INSTRUCTIONS FOR THE TASK:
Across all the entries, how many lines hold "before"? Answer with that number and nothing else.

• • • • • • •

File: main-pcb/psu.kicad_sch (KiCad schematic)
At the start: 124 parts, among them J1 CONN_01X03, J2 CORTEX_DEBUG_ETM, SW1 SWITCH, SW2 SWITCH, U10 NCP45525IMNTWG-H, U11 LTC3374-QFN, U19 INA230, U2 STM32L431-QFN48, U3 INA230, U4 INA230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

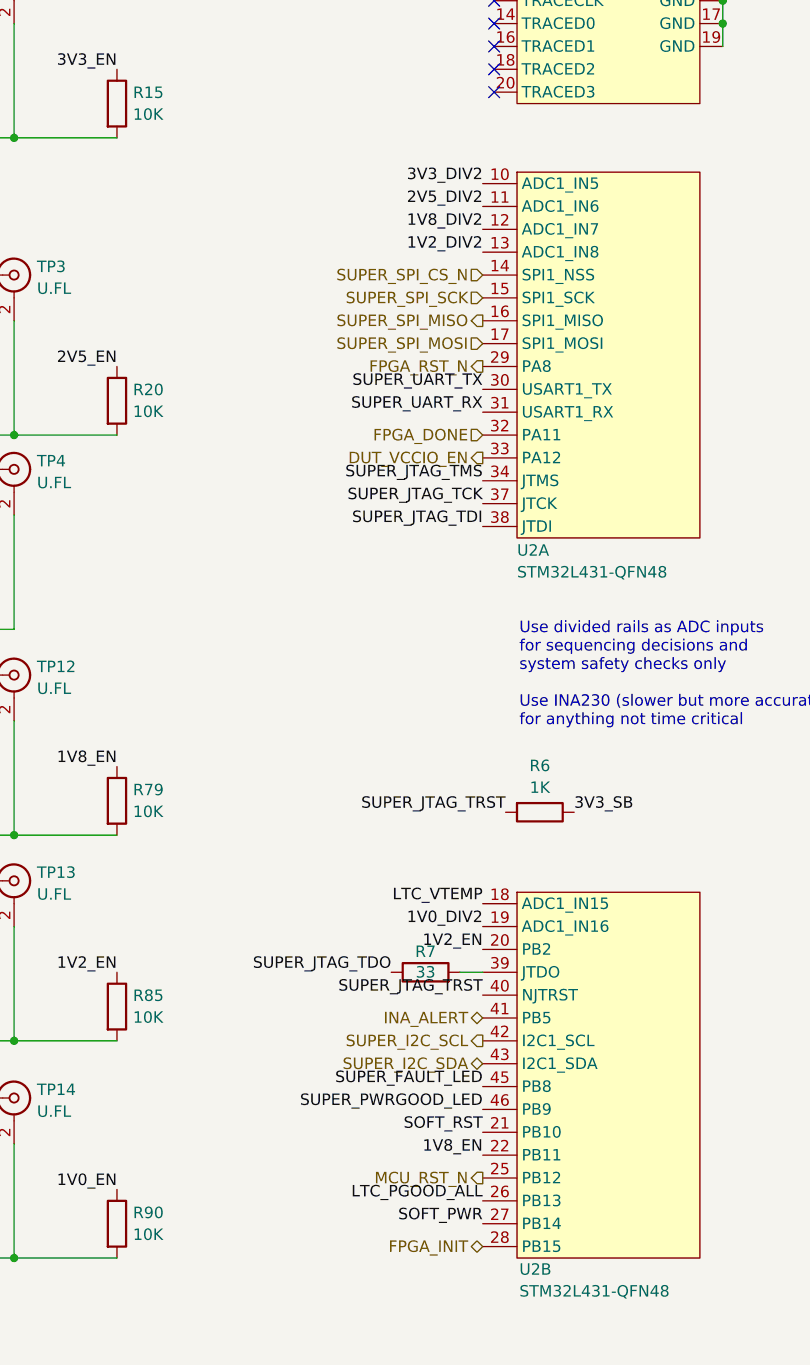
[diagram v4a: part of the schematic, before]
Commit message: Continued routing power supply
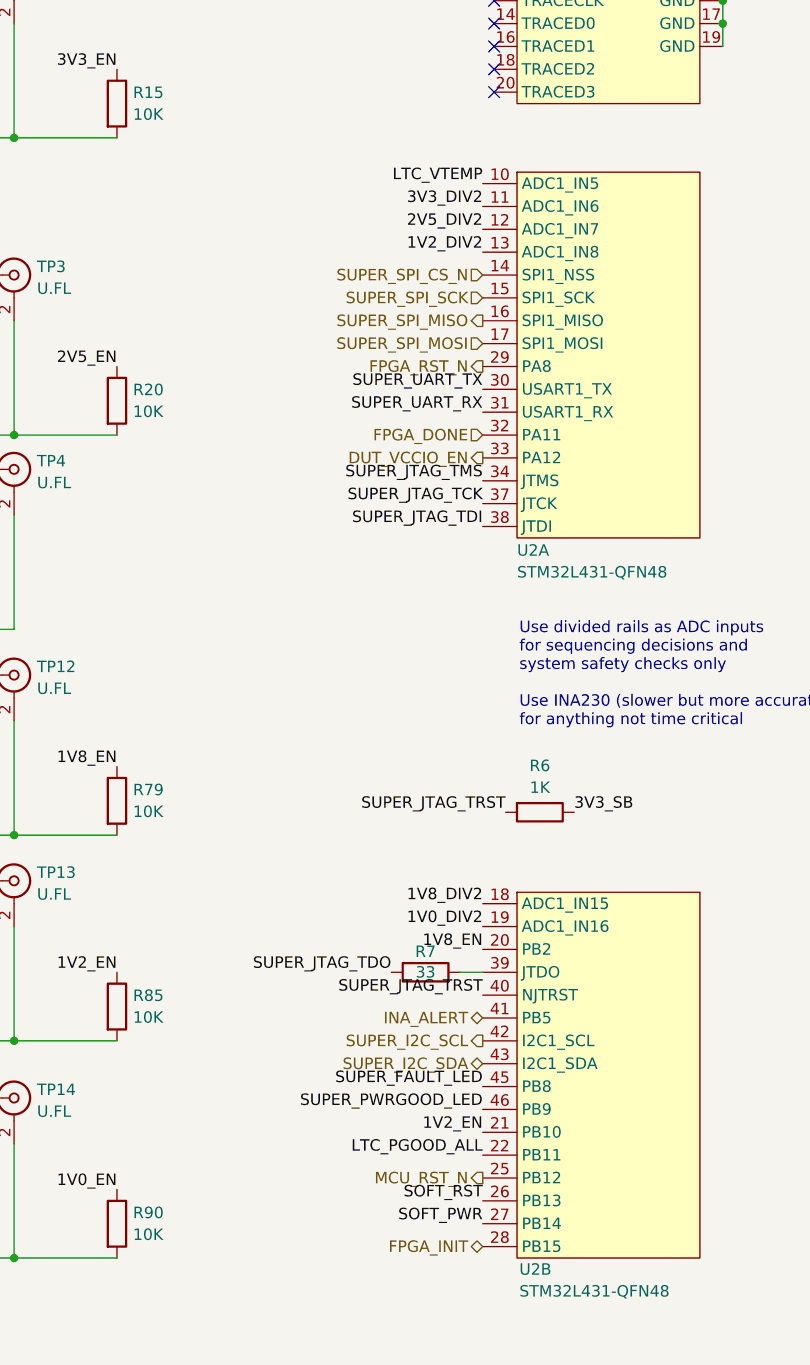
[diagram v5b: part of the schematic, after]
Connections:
- net 1V2_EN: now also U2.21 (PB10); no longer U2.20 (PB2)
- net 1V8_DIV2: now also U2.18 (PB0); no longer U2.12 (PA2)
- net 1V8_EN: now also U2.20 (PB2); no longer U2.22 (PB11)
- net 2V5_DIV2: now also U2.12 (PA2); no longer U2.11 (PA1)
- net 3V3_DIV2: now also U2.11 (PA1); no longer U2.10 (PA0)
- net LTC_PGOOD_ALL: now also U2.22 (PB11); no longer U2.26 (PB13)
- net LTC_VTEMP: now also U2.10 (PA0); no longer U2.18 (PB0)
- net SOFT_RST: now also U2.26 (PB13); no longer U2.21 (PB10)
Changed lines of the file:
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@@
 	)
 	(label "1V2_EN"
-		(at 255.27 148.59 180)
+		(at 255.27 168.91 180)
 		(fields_autoplaced yes)
 		(effects
@@
 	)
 	(label "SOFT_RST"
-		(at 255.27 168.91 180)
+		(at 255.27 176.53 180)
 		(fields_autoplaced yes)
 		(effects
@@
 	)
 	(label "1V8_DIV2"
-		(at 255.27 68.58 180)
+		(at 255.27 143.51 180)
 		(fields_autoplaced yes)
 		(effects
@@
 	)
 	(label "LTC_VTEMP"
-		(at 255.27 143.51 180)
+		(at 255.27 63.5 180)
 		(fields_autoplaced yes)
 		(effects
@@
 	)
 	(label "3V3_DIV2"
-		(at 255.27 63.5 180)
+		(at 255.27 66.04 180)
 		(fields_autoplaced yes)
 		(effects
@@
 	)
 	(label "1V8_EN"
-		(at 255.27 171.45 180)
+		(at 255.27 148.59 180)
 		(fields_autoplaced yes)
 		(effects
@@
 	)
 	(label "LTC_PGOOD_ALL"
-		(at 255.27 176.53 180)
+		(at 255.27 171.45 180)
 		(fields_autoplaced yes)
 		(effects
@@
 	)
 	(label "2V5_DIV2"
-		(at 255.27 66.04 180)
-		(fields_autoplaced yes)
-		(effects
+		(at 255.27 68.58 180)
+		(fields_autoplaced yes)
+		(effects

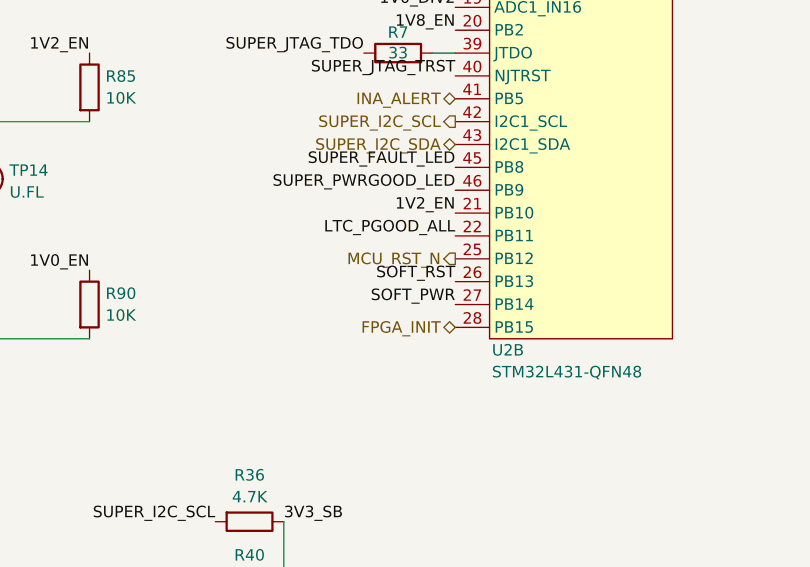
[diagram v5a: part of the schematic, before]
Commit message: Continued layout, added first ground plane layer. 26 nets unrouted, still need to place last two INA230s
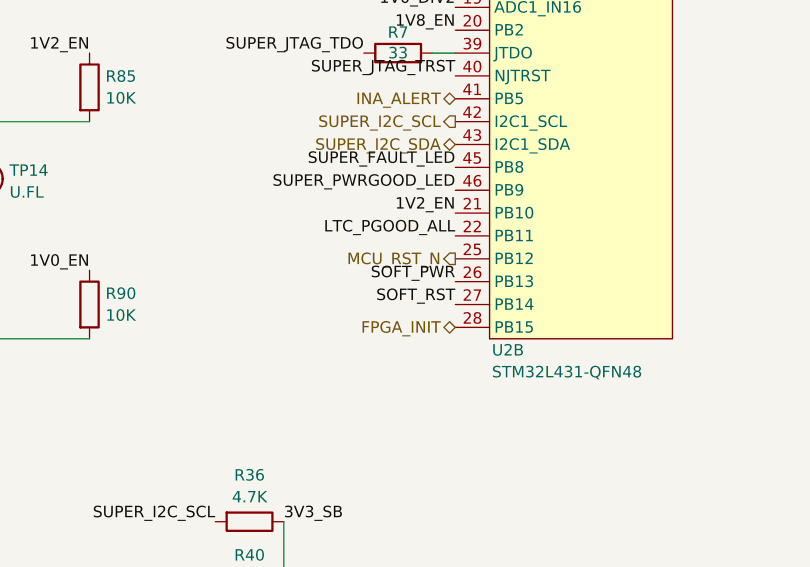
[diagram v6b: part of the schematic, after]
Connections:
- net SOFT_PWR: now also U2.26 (PB13); no longer U2.27 (PB14)
- net SOFT_RST: now also U2.27 (PB14); no longer U2.26 (PB13)
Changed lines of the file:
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@@
 	(title_block
 		(title "DUMPTRUCK flash dumper")
-		(date "2024-10-20")
+		(date "2024-10-23")
 		(rev "0.1")
 		(company "Antikernel Labs")
@@
 	)
 	(label "SOFT_RST"
-		(at 255.27 176.53 180)
+		(at 255.27 179.07 180)
 		(fields_autoplaced yes)
 		(effects
@@
 	)
 	(label "SOFT_PWR"
-		(at 255.27 179.07 180)
+		(at 255.27 176.53 180)
 		(fields_autoplaced yes)
 		(effects

• • • • • • •

SOLUTION TO THIS EXERCISE:
2